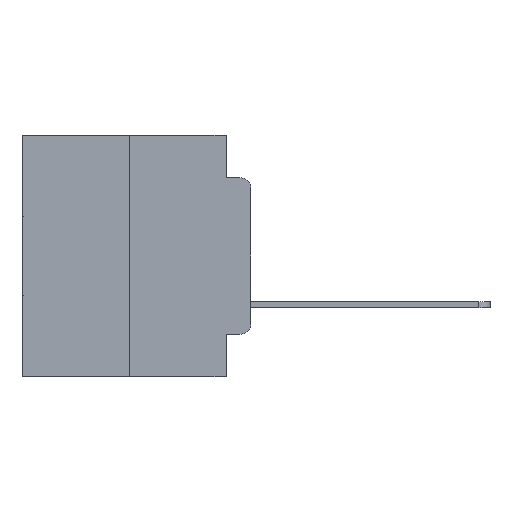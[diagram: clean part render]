
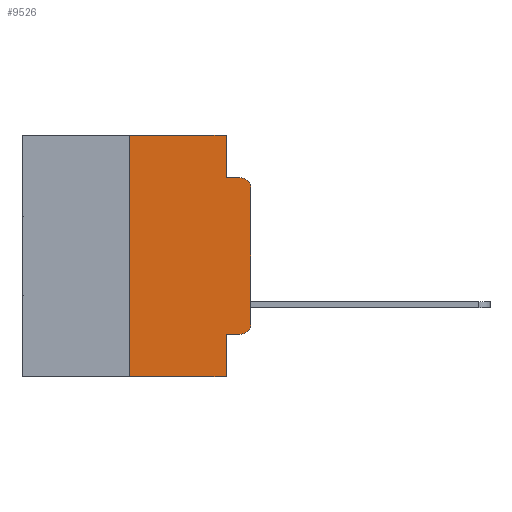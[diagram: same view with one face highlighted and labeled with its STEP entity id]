
A CAD part, left-side view. The second image highlights one B-rep face of the part: STEP entity #9526.
In plain terms, the highlighted planar face has unit normal (-1, 0, 0).
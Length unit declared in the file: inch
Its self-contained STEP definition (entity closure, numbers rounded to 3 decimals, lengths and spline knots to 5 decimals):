
#113 = DIRECTION ( 'NONE',  ( -1., 0., 0. ) ) ;
#194 = VERTEX_POINT ( 'NONE', #13137 ) ;
#309 = ORIENTED_EDGE ( 'NONE', *, *, #13501, .F. ) ;
#323 = CIRCLE ( 'NONE', #6752, 0.02 ) ;
#593 = PLANE ( 'NONE',  #17176 ) ;
#631 = ORIENTED_EDGE ( 'NONE', *, *, #2196, .F. ) ;
#941 = EDGE_LOOP ( 'NONE', ( #17227, #19222, #22225, #25561, #309, #631, #2558, #3693, #5094, #5158 ) ) ;
#959 = LINE ( 'NONE', #8718, #24561 ) ;
#1099 = DIRECTION ( 'NONE',  ( 0., -1., 0. ) ) ;
#2065 = VECTOR ( 'NONE', #1099, 39.37008 ) ;
#2196 = EDGE_CURVE ( 'NONE', #7578, #15584, #959, .T. ) ;
#2275 = CARTESIAN_POINT ( 'NONE',  ( 0., 0.02, -0.3915 ) ) ;
#2384 = CARTESIAN_POINT ( 'NONE',  ( 0., 0.25, -0.5 ) ) ;
#2558 = ORIENTED_EDGE ( 'NONE', *, *, #12646, .T. ) ;
#2980 = CARTESIAN_POINT ( 'NONE',  ( 0., 0.473, -0.5 ) ) ;
#3345 = VERTEX_POINT ( 'NONE', #18617 ) ;
#3449 = CARTESIAN_POINT ( 'NONE',  ( 0., 0.051, 0. ) ) ;
#3693 = ORIENTED_EDGE ( 'NONE', *, *, #23519, .F. ) ;
#3969 = EDGE_CURVE ( 'NONE', #25289, #9358, #21407, .T. ) ;
#4658 = DIRECTION ( 'NONE',  ( 0., 0., -1. ) ) ;
#5094 = ORIENTED_EDGE ( 'NONE', *, *, #10820, .T. ) ;
#5158 = ORIENTED_EDGE ( 'NONE', *, *, #25309, .T. ) ;
#6752 = AXIS2_PLACEMENT_3D ( 'NONE', #2275, #17953, #4658 ) ;
#7578 = VERTEX_POINT ( 'NONE', #2384 ) ;
#7619 = DIRECTION ( 'NONE',  ( 0., 0., -1. ) ) ;
#8516 = VECTOR ( 'NONE', #24916, 39.37008 ) ;
#8557 = LINE ( 'NONE', #16737, #19515 ) ;
#8718 = CARTESIAN_POINT ( 'NONE',  ( 0., 0.25, 0. ) ) ;
#9358 = VERTEX_POINT ( 'NONE', #11427 ) ;
#9526 = ADVANCED_FACE ( 'NONE', ( #9634 ), #593, .F. ) ;
#9601 = VECTOR ( 'NONE', #17276, 39.37008 ) ;
#9634 = FACE_OUTER_BOUND ( 'NONE', #941, .T. ) ;
#9642 = LINE ( 'NONE', #3449, #21193 ) ;
#10820 = EDGE_CURVE ( 'NONE', #27572, #3345, #15117, .T. ) ;
#11427 = CARTESIAN_POINT ( 'NONE',  ( 0., 0.02, -0.0885 ) ) ;
#12038 = AXIS2_PLACEMENT_3D ( 'NONE', #13772, #113, #14527 ) ;
#12646 = EDGE_CURVE ( 'NONE', #7578, #19361, #25569, .T. ) ;
#12885 = LINE ( 'NONE', #14980, #22327 ) ;
#13137 = CARTESIAN_POINT ( 'NONE',  ( 0., 0., -0.3915 ) ) ;
#13501 = EDGE_CURVE ( 'NONE', #15584, #26376, #20497, .T. ) ;
#13525 = CARTESIAN_POINT ( 'NONE',  ( 0., 0.25, 0. ) ) ;
#13772 = CARTESIAN_POINT ( 'NONE',  ( 0., 0.02, -0.1085 ) ) ;
#14527 = DIRECTION ( 'NONE',  ( 0., 0., -1. ) ) ;
#14980 = CARTESIAN_POINT ( 'NONE',  ( 0., 0.051, -0.0885 ) ) ;
#15117 = LINE ( 'NONE', #18394, #8516 ) ;
#15584 = VERTEX_POINT ( 'NONE', #13525 ) ;
#16408 = DIRECTION ( 'NONE',  ( 0., -1., 0. ) ) ;
#16737 = CARTESIAN_POINT ( 'NONE',  ( 0., 0.051, 0. ) ) ;
#16891 = CARTESIAN_POINT ( 'NONE',  ( 0., 0.473, 0. ) ) ;
#17176 = AXIS2_PLACEMENT_3D ( 'NONE', #22779, #20695, #7619 ) ;
#17227 = ORIENTED_EDGE ( 'NONE', *, *, #23689, .T. ) ;
#17276 = DIRECTION ( 'NONE',  ( 0., 0., 1. ) ) ;
#17429 = CARTESIAN_POINT ( 'NONE',  ( 0., 0.051, -0.4115 ) ) ;
#17953 = DIRECTION ( 'NONE',  ( -1., 0., 0. ) ) ;
#18394 = CARTESIAN_POINT ( 'NONE',  ( 0., 0.051, -0.4115 ) ) ;
#18604 = CARTESIAN_POINT ( 'NONE',  ( 0., 0.051, -0.0885 ) ) ;
#18617 = CARTESIAN_POINT ( 'NONE',  ( 0., 0.02, -0.4115 ) ) ;
#18862 = DIRECTION ( 'NONE',  ( 0., 0., -1. ) ) ;
#18991 = DIRECTION ( 'NONE',  ( 0., 0., -1. ) ) ;
#19222 = ORIENTED_EDGE ( 'NONE', *, *, #3969, .T. ) ;
#19361 = VERTEX_POINT ( 'NONE', #20454 ) ;
#19515 = VECTOR ( 'NONE', #18862, 39.37008 ) ;
#20247 = DIRECTION ( 'NONE',  ( 0., 0., 1. ) ) ;
#20264 = EDGE_CURVE ( 'NONE', #21277, #9358, #12885, .T. ) ;
#20454 = CARTESIAN_POINT ( 'NONE',  ( 0., 0.051, -0.5 ) ) ;
#20497 = LINE ( 'NONE', #16891, #2065 ) ;
#20695 = DIRECTION ( 'NONE',  ( 1., 0., 0. ) ) ;
#21156 = LINE ( 'NONE', #21454, #9601 ) ;
#21193 = VECTOR ( 'NONE', #18991, 39.37008 ) ;
#21277 = VERTEX_POINT ( 'NONE', #18604 ) ;
#21407 = CIRCLE ( 'NONE', #12038, 0.02 ) ;
#21454 = CARTESIAN_POINT ( 'NONE',  ( 0., 0., 0. ) ) ;
#22225 = ORIENTED_EDGE ( 'NONE', *, *, #20264, .F. ) ;
#22327 = VECTOR ( 'NONE', #27698, 39.37008 ) ;
#22779 = CARTESIAN_POINT ( 'NONE',  ( 0., 0.473, 0. ) ) ;
#23519 = EDGE_CURVE ( 'NONE', #27572, #19361, #8557, .T. ) ;
#23689 = EDGE_CURVE ( 'NONE', #194, #25289, #21156, .T. ) ;
#24225 = CARTESIAN_POINT ( 'NONE',  ( 0., 0., -0.1085 ) ) ;
#24273 = VECTOR ( 'NONE', #16408, 39.37008 ) ;
#24561 = VECTOR ( 'NONE', #20247, 39.37008 ) ;
#24916 = DIRECTION ( 'NONE',  ( 0., -1., 0. ) ) ;
#25289 = VERTEX_POINT ( 'NONE', #24225 ) ;
#25309 = EDGE_CURVE ( 'NONE', #3345, #194, #323, .T. ) ;
#25561 = ORIENTED_EDGE ( 'NONE', *, *, #26190, .F. ) ;
#25569 = LINE ( 'NONE', #2980, #24273 ) ;
#26190 = EDGE_CURVE ( 'NONE', #26376, #21277, #9642, .T. ) ;
#26376 = VERTEX_POINT ( 'NONE', #27927 ) ;
#27572 = VERTEX_POINT ( 'NONE', #17429 ) ;
#27698 = DIRECTION ( 'NONE',  ( 0., -1., 0. ) ) ;
#27927 = CARTESIAN_POINT ( 'NONE',  ( 0., 0.051, 0. ) ) ;

> **Work task**
The lines from the top of the data above through the one holding "#7578 = VERTEX_POINT ( 'NONE', #2384 ) ;" are to be repeated exactly, and only those, with no pictures.

> **Reply to the exercise**
[diagram: clean part render]
[diagram: same view with one face highlighted and labeled with its STEP entity id]
A CAD part, left-side view. The second image highlights one B-rep face of the part: STEP entity #9526.
In plain terms, the highlighted planar face has unit normal (-1, 0, 0).
Length unit declared in the file: inch
Its self-contained STEP definition (entity closure, numbers rounded to 3 decimals, lengths and spline knots to 5 decimals):
#113 = DIRECTION ( 'NONE',  ( -1., 0., 0. ) ) ;
#194 = VERTEX_POINT ( 'NONE', #13137 ) ;
#309 = ORIENTED_EDGE ( 'NONE', *, *, #13501, .F. ) ;
#323 = CIRCLE ( 'NONE', #6752, 0.02 ) ;
#593 = PLANE ( 'NONE',  #17176 ) ;
#631 = ORIENTED_EDGE ( 'NONE', *, *, #2196, .F. ) ;
#941 = EDGE_LOOP ( 'NONE', ( #17227, #19222, #22225, #25561, #309, #631, #2558, #3693, #5094, #5158 ) ) ;
#959 = LINE ( 'NONE', #8718, #24561 ) ;
#1099 = DIRECTION ( 'NONE',  ( 0., -1., 0. ) ) ;
#2065 = VECTOR ( 'NONE', #1099, 39.37008 ) ;
#2196 = EDGE_CURVE ( 'NONE', #7578, #15584, #959, .T. ) ;
#2275 = CARTESIAN_POINT ( 'NONE',  ( 0., 0.02, -0.3915 ) ) ;
#2384 = CARTESIAN_POINT ( 'NONE',  ( 0., 0.25, -0.5 ) ) ;
#2558 = ORIENTED_EDGE ( 'NONE', *, *, #12646, .T. ) ;
#2980 = CARTESIAN_POINT ( 'NONE',  ( 0., 0.473, -0.5 ) ) ;
#3345 = VERTEX_POINT ( 'NONE', #18617 ) ;
#3449 = CARTESIAN_POINT ( 'NONE',  ( 0., 0.051, 0. ) ) ;
#3693 = ORIENTED_EDGE ( 'NONE', *, *, #23519, .F. ) ;
#3969 = EDGE_CURVE ( 'NONE', #25289, #9358, #21407, .T. ) ;
#4658 = DIRECTION ( 'NONE',  ( 0., 0., -1. ) ) ;
#5094 = ORIENTED_EDGE ( 'NONE', *, *, #10820, .T. ) ;
#5158 = ORIENTED_EDGE ( 'NONE', *, *, #25309, .T. ) ;
#6752 = AXIS2_PLACEMENT_3D ( 'NONE', #2275, #17953, #4658 ) ;
#7578 = VERTEX_POINT ( 'NONE', #2384 ) ;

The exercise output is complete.